Effect of IGF-I following cooled storage time. Spermatozoa were stored at 4°C for 48 hr after treated with different IGF-I concentrations (0, 100 and 200 ng/ml). Progressive motility (A), morphology (B), PMI (C) and MMP (D) of the cooled samples were evaluated (n=5, 5, 10 and 8 for each evaluation). *P<0.05 vs. 0 hr within the same IGF-I concentration, #P<0.05 vs. 0 ng/ml IGF-I within the same storage time.

Sperm MMP decreased gradually beginning at 12 hr during cooled storage in the IGF-I-free condition (P<0.05) (Fig. 2D). However, MMP of sperm treated with 100 and 200 ng/ml IGF-I increased for 12 hr and 24 hr of cooled storage compared to that at 0 hr, respectively (P<0.05) and was maintained by 36 hr of cooled storage (Fig. 2D). Although sperm MMP decreased at 48 hr of cooled storage compared to that at 0 hr despite IGF-I treatment (P<0.05), the reduction in sperm MMP at 48 hr of cooled storage was mitigated by IGF-I, showing increase in high MMP in IGF-I treated samples compared to that in IGF-I-free samples at 48 hr of cooled storage (P<0.05) (Fig. 2D).

Progressive motility, morphology and PMI were not different among freeze-thawed spermatozoa in different IGF-I concentrations, whereas the percentage of freeze-thawed spermatozoa with a high MMP increased following IGF-I treatment (P<0.005) (Fig. 3).

Fig. 3.

Effect of IGF-I on freeze-thawed spermatozoa. Fresh spermatozoa were frozen after treated with different IGF-I concentrations, and the functions of thawed spermatozoa were evaluated. *P<0.005 vs. 0 ng/ml IGF-I (n=5 for progressive motility and morphology, n=12 for PMI and MMP).

This study is the first to investigate the effect of IGF-I on canine sperm function during hypothermic storage. IGF-I alleviated sperm damage caused by cooling and freezing by maintaining progressive motility of spermatozoa and preventing a reduction in sperm MMP during hypothermic storage. The IGF-I receptor (IGF-IR) signaling pathway mediated by IGF-I may be involved in enhanced canine sperm function. Specific IGF-IRs have been demonstrated in human [8] and bovine [1] spermatozoa, suggesting a possible role of IGF-I as a regulator of sperm function [5]. As the presence of IGF-IR and IGF-I in sperm and semen and the ability of IGF-I to stimulate sperm motility have been identified [1], a relationship between the IGF system and fertilization has been suggested.

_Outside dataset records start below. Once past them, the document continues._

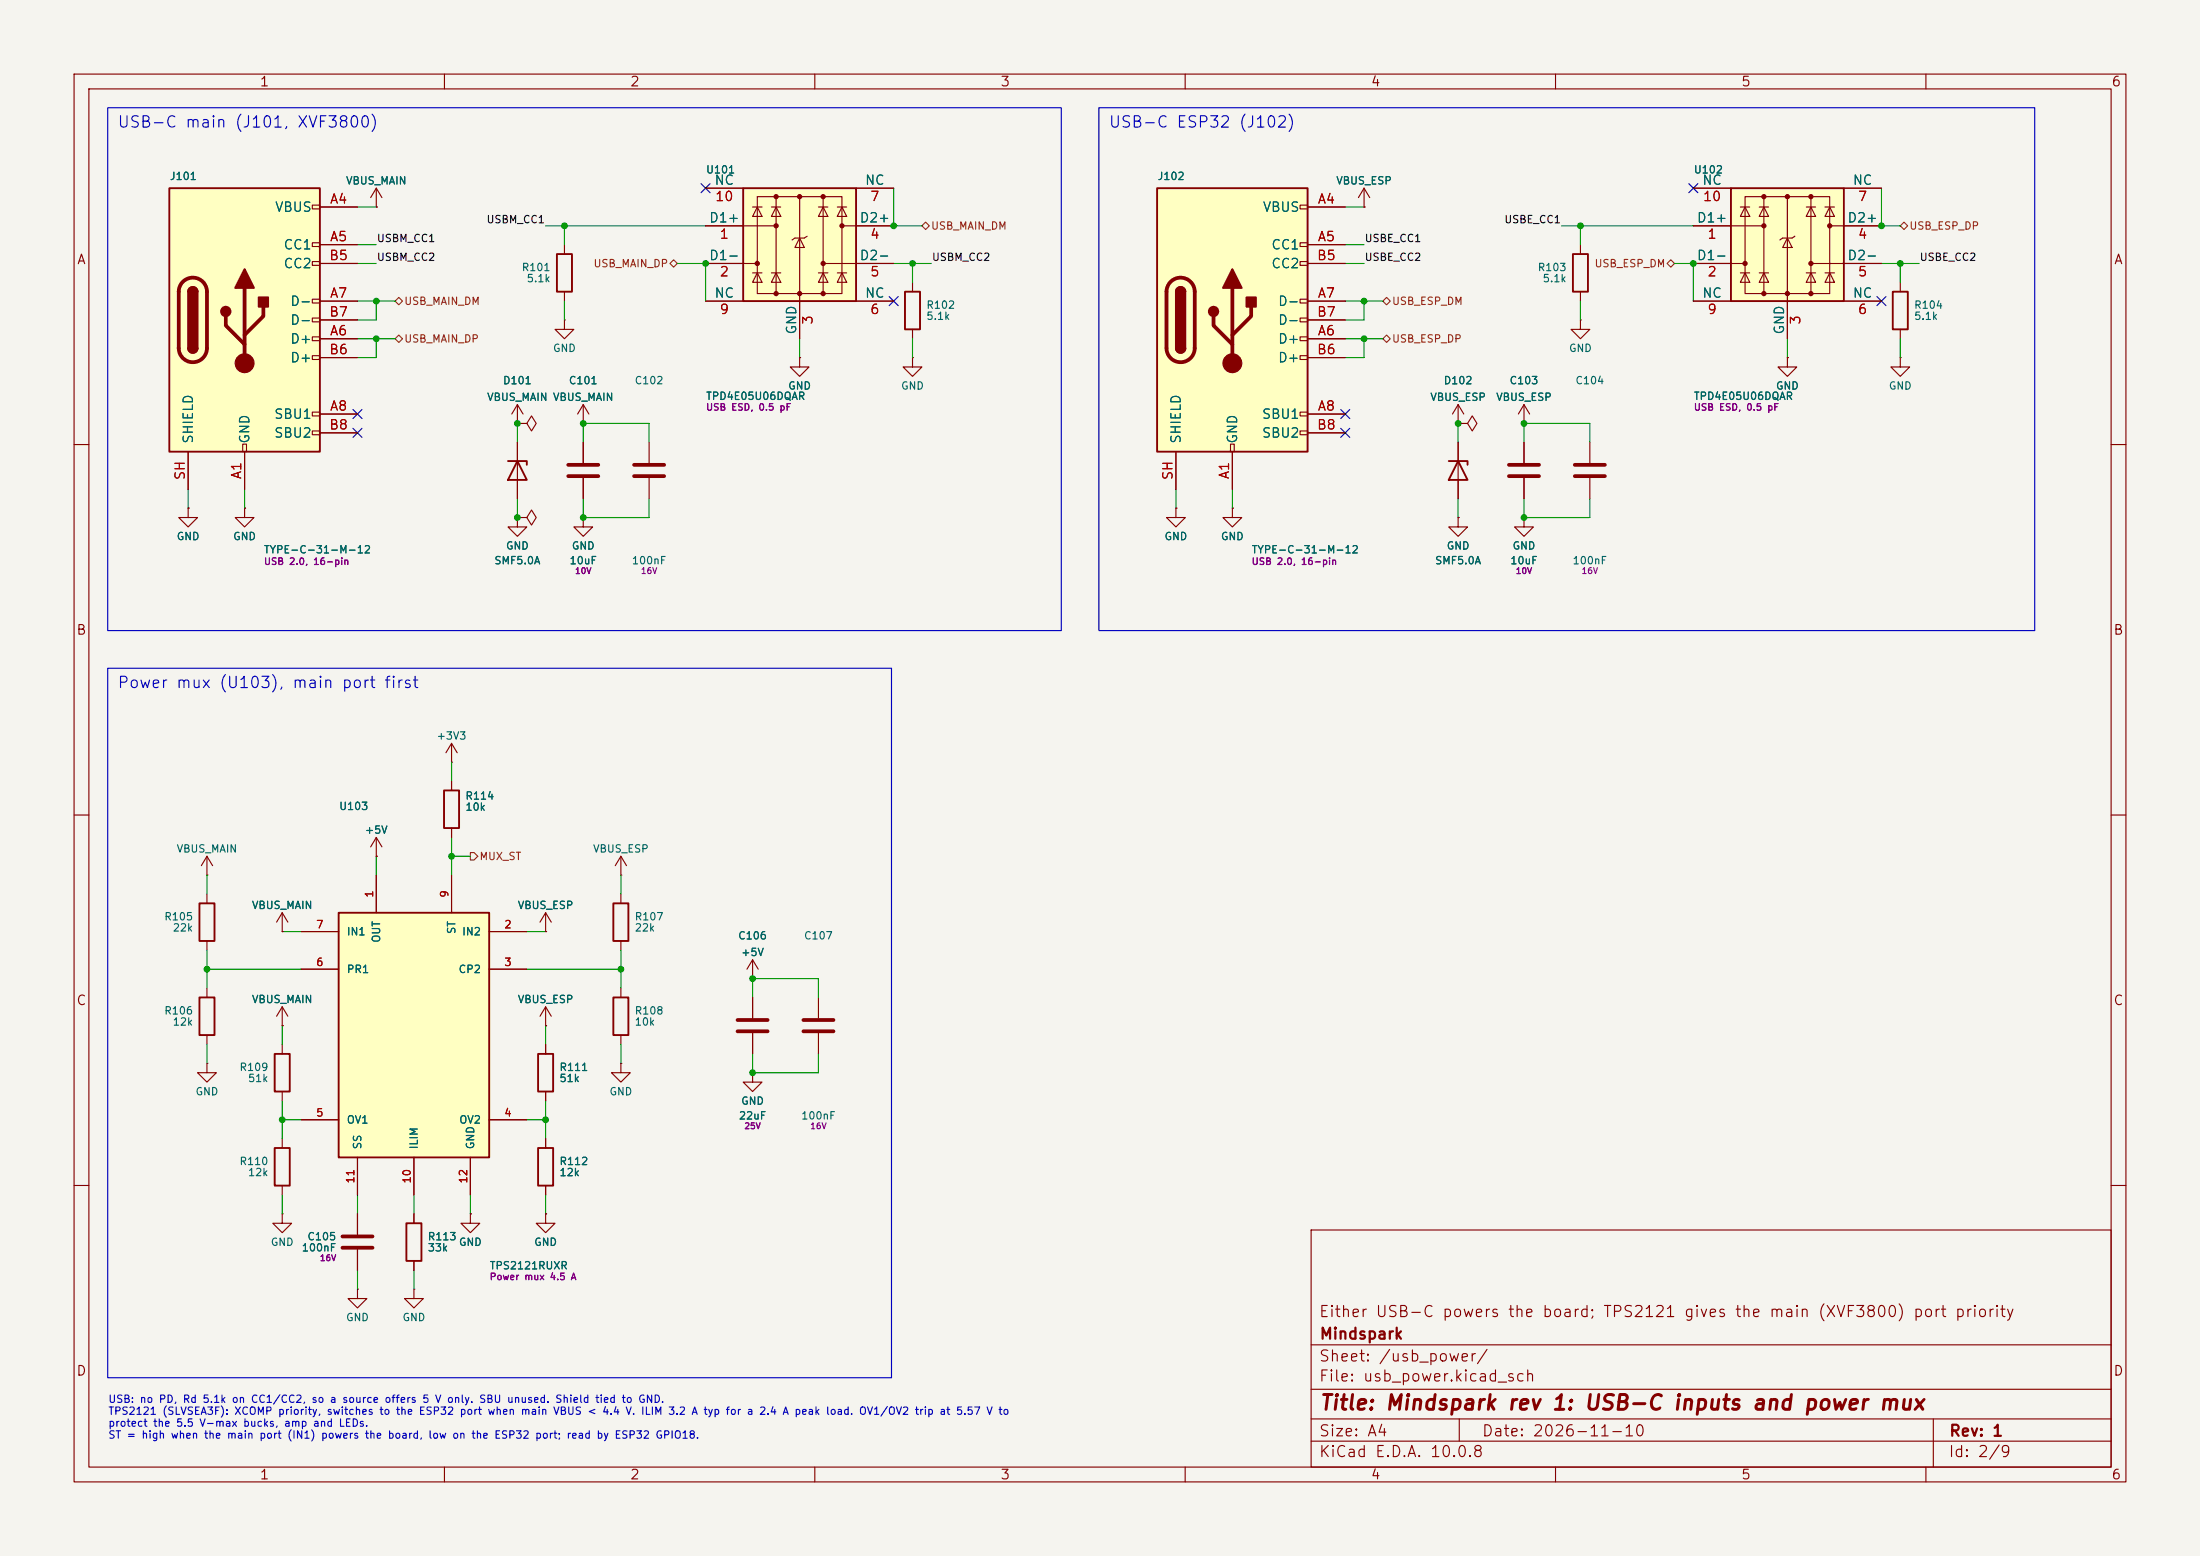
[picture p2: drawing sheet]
<svg xmlns="http://www.w3.org/2000/svg" width="297mm" height="210mm" viewBox="0 0 297 210" stroke-linecap="round" stroke-linejoin="round" font-family="sans-serif">
<path d="M0 0h297v210h-297z" fill="#f5f4ef" stroke="#f5f4ef" stroke-width=".14"/>
<g fill="none" stroke="#840000" stroke-width=".15">
<path d="M10 10h277v190h-277zM12 12h273v186h-273zM60 10v2M110 10v2M160 10v2M210 10v2M260 10v2M256.5 48.3v1.2h1.3l-1.3 1.3-1.2-1.3h1.2M256.5 48.3h.1M10 60h2M25.4 68.6v1.3h1.3l-1.3 1.2-1.3-1.2h1.3M25.4 68.6h.1"/>
<path d="M285 60h2M10 110h2M27.9 118.1h.1M27.9 115.6l-.7 1.2M27.9 115.6l.8 1.2M27.9 115.6v2.5M285 110h2M27.9 133.4v1.2M27.9 139.7v1.3M38.1 138.4h.1M38.1 125.7h.1M38.1 123.2v2.5"/>
<path d="M38.1 135.9v2.5M38.1 135.9l-.8 1.3M38.1 135.9l.8 1.3M38.1 123.2l-.8 1.3M38.1 123.2l.8 1.3M73.7 138.4h.1M73.7 125.7h.1M73.7 123.2v2.5M73.7 135.9v2.5M73.7 135.9l-.8 1.3M73.7 135.9l.7 1.3M73.7 123.2l-.8 1.3"/>
<path d="M73.7 123.2l.7 1.3M83.8 120.7v1.2M83.8 127v1.3M83.8 133.4v1.2M83.8 139.7v1.3M38.1 141v1.2M38.1 147.3v1.3M38.1 153.7v1.2M73.7 141v1.2M73.7 147.3v1.3M73.7 153.7v1.2M10 160h2"/>
<path d="M38.1 163.8v1.3h1.3l-1.3 1.3-1.3-1.3h1.3M38.1 163.8h.1M38.1 160v1.3M48.3 163.8v2.8M48.3 168.7v2.8M55.9 163.8v1.3M55.9 170.2v1.3M63.5 163.8v1.3h1.3l-1.3 1.3-1.3-1.3h1.3M63.5 163.8h.1M73.7 163.8v1.3h1.2l-1.2 1.3-1.3-1.3h1.3M73.7 163.8h.1M73.7 160v1.3"/>
<path d="M177 166h108v32h-108zM285 160h2M60 198v2M110 198v2M160 198v2M177 194.5h108M177 191.5h108M177 187.5h108M177 181.5h108M197 191.5v3M210 198v2M260 198v2"/>
<path d="M261 191.5v6.5"/>
</g>
<path d="M26.9 134.6h2.1v5.1h-2.1zM82.8 121.9h2v5.1h-2zM82.8 134.6h2v5.1h-2zM37.1 142.2h2v5.1h-2zM37.1 154.9h2v5.1h-2zM72.6 142.2h2.1v5.1h-2.1zM72.6 154.9h2.1v5.1h-2.1zM54.9 165.1h2v5.1h-2z" fill="none" stroke="#840000" stroke-width=".25"/>
<path d="M46.2 166.9h4.1M46.2 168.4h4.1" fill="none" stroke="#840000" stroke-width=".51"/>
<path d="M22.9 25.4h20.3v35.6h-20.3z" fill="#ffffc2"/>
<g fill="none" stroke="#840000" stroke-width=".15">
<path d="M42.2 27.7h1v.5h-1zM42.2 32.8h1v.5h-1zM42.2 35.3h1v.5h-1zM43.2 27.9h5.1M43.2 33h5.1M43.2 35.6h5.1M50.8 27.9h.1M50.8 25.4l-.8 1.3M50.8 25.4l.8 1.3M50.8 25.4v2.5M32.8 59.9h.5v1.1h-.5zM42.2 40.4h1v.5h-1z"/>
<path d="M42.2 42.9h1v.5h-1zM42.2 45.5h1v.5h-1zM42.2 48h1v.5h-1zM42.2 55.6h1v.5h-1zM42.2 58.2h1v.5h-1zM43.2 45.7h5.1M43.2 40.6h5.1M43.2 55.9h5.1M43.2 48.3h5.1M43.2 43.2h5.1M43.2 58.4h5.1M196.8 57.2h.1"/>
<path d="M196.8 57.2h1.3l.7-1.1 .6 1.1-.6 1-.7-1M196.8 54.6l-.7 1.3M196.8 54.6l.8 1.3M196.8 54.6v2.6M205.7 57.2h.1M205.7 54.6l-.7 1.3M205.7 54.6l.8 1.3M205.7 54.6v2.6M25.4 61v5M33 68.6v1.3h1.3l-1.3 1.2-1.3-1.2h1.3M33 68.6h.1M33 61v5"/>
<path d="M205.7 69.9v1.2h1.3l-1.3 1.3-1.2-1.3h1.2M205.7 69.9h.1"/>
</g>
<path d="M22.9 25.4h20.3v35.6h-20.3zM25.4 39.4a.64 .64 0 0 1 .6-.7 .64 .64 0 0 1 .7 .7M25.4 47a.64 .64 0 0 0 .6 .6 .64 .64 0 0 0 .7-.6" fill="none" stroke="#840000" stroke-width=".25"/>
<path d="M24.7 38a1.9 1.9 0 0 1 2.1-.4 1.9 1.9 0 0 1 1.1 1.8v7.6a1.91 1.91 0 0 1-1.9 1.9 1.91 1.91 0 0 1-1.9-1.9v-7.6a1.9 1.9 0 0 1 .6-1.4zM33 38.9v10.1M30.5 42.7v1.2l2.5 2.6M35.6 41.4v1.3l-2.6 2.5" fill="none" stroke="#840000" stroke-width=".51"/>
<g fill="#840000" stroke="#840000" stroke-width=".25">
<path d="M25.4 39.4h1.3v7.6h-1.3z"/>
<path d="M25.6 38.9a.64 .64 0 0 1 .7-.1 .64 .64 0 0 1 .4 .6h-1.3z"/>
<path d="M25.4 47h1.3a.64 .64 0 0 1-.7 .6 .64 .64 0 0 1-.6-.6z"/>
<path d="M33 36.3l1.3 2.6h-2.6z"/>
<path d="M34.9 40.1h1.3v1.3h-1.3z"/>
<circle cx="30.5" cy="42" r=".63"/>
</g>
<circle cx="33" cy="49" r="1.27" fill="#840000" stroke="#840000" stroke-width=".15"/>
<path d="M156.2 25.4h20.3v35.6h-20.3z" fill="#ffffc2"/>
<g fill="none" stroke="#840000" stroke-width=".15">
<path d="M175.5 27.7h1v.5h-1zM175.5 32.8h1v.5h-1zM175.5 35.3h1v.5h-1zM176.5 27.9h5.1M176.5 33h5.1M176.5 35.6h5.1M184.1 27.9h.1M184.1 25.4l-.7 1.3M184.1 25.4l.8 1.3M184.1 25.4v2.5M76.2 43.2v1.3h-1.3l1.3 1.2 1.3-1.2h-1.3M76.2 43.2h.1"/>
<path d="M166.1 59.9h.5v1.1h-.5zM175.5 40.4h1v.5h-1zM175.5 42.9h1v.5h-1zM175.5 45.5h1v.5h-1zM175.5 48h1v.5h-1zM175.5 55.6h1v.5h-1zM175.5 58.2h1v.5h-1zM176.5 45.7h5.1M176.5 40.6h5.1M176.5 55.9h5.1M176.5 48.3h5.1M176.5 43.2h5.1"/>
<path d="M176.5 58.4h5.1M196.8 59.7v7.6M205.7 59.7v2.8M214.6 59.7v2.8M158.7 68.6v1.3h1.3l-1.3 1.2-1.2-1.2h1.2M158.7 68.6h.1M158.7 61v5M166.4 68.6v1.3h1.2l-1.2 1.2-1.3-1.2h1.3M166.4 68.6h.1M166.4 61v5M196.8 69.9v1.2h1.3l-1.3 1.3-1.2-1.3h1.2M196.8 69.9h.1"/>
<path d="M205.7 64.5v2.8M214.6 64.5v2.8"/>
</g>
<path d="M156.2 25.4h20.3v35.6h-20.3zM158.7 39.4a.64 .64 0 0 1 .7-.7 .64 .64 0 0 1 .6 .7M158.7 47a.64 .64 0 0 0 .7 .6 .64 .64 0 0 0 .6-.6M195.6 62.2h2.5v.5M196.8 62.2l1.3 2.6h-2.5z" fill="none" stroke="#840000" stroke-width=".25"/>
<path d="M158 38a1.9 1.9 0 0 1 2.1-.4 1.9 1.9 0 0 1 1.2 1.8v7.6a1.91 1.91 0 0 1-1.9 1.9 1.91 1.91 0 0 1-1.9-1.9v-7.6a1.9 1.9 0 0 1 .5-1.4zM166.4 38.9v10.1M163.8 42.7v1.2l2.6 2.6M168.9 41.4v1.3l-2.5 2.5M203.7 62.7h4.1M203.7 64.3h4.1M212.6 62.7h4.1M212.6 64.3h4.1" fill="none" stroke="#840000" stroke-width=".51"/>
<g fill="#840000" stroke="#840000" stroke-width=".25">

Although no reports have identified IGF-IR in canine spermatozoa, our study indirectly shows the presence of an IGF-IR in canine spermatozoa via the IGF-I effect. IGF-I stimulated MMP and motility of hypothermically stored canine spermatozoa in our study. The possible mechanism of how IGF-I maintains motility and MMP is assumed to be through energy metabolism [1], antioxidant effects [13] and high intracellular calcium level by increased ion transport [2]. In contrast, activation of cellular metabolism by IGF-I may also be related to the generation of free radicals [6]. In our study, the 100 and 200 ng/ml IGF-I concentrations were optimal level and had a positive effect without toxicity to canine spermatozoa. We cannot clearly state the role of IGF-1 in membrane stability [5] of canine spermatozoa, because of less damage to canine sperm PMI during cooling. Overall, the IGF-IR signaling cascade may be a clue to identify molecular mechanisms regulating motility and membrane integrity of canine spermatozoa.

Our results suggest that IGF-I is an effective supplement to improve canine sperm quality for longer periods of cooling and freeze-thawing. IGF-I may enhance canine sperm fertilizing ability by maintaining motility and MMP and preventing a decrease in sperm longevity during hypothermic storage.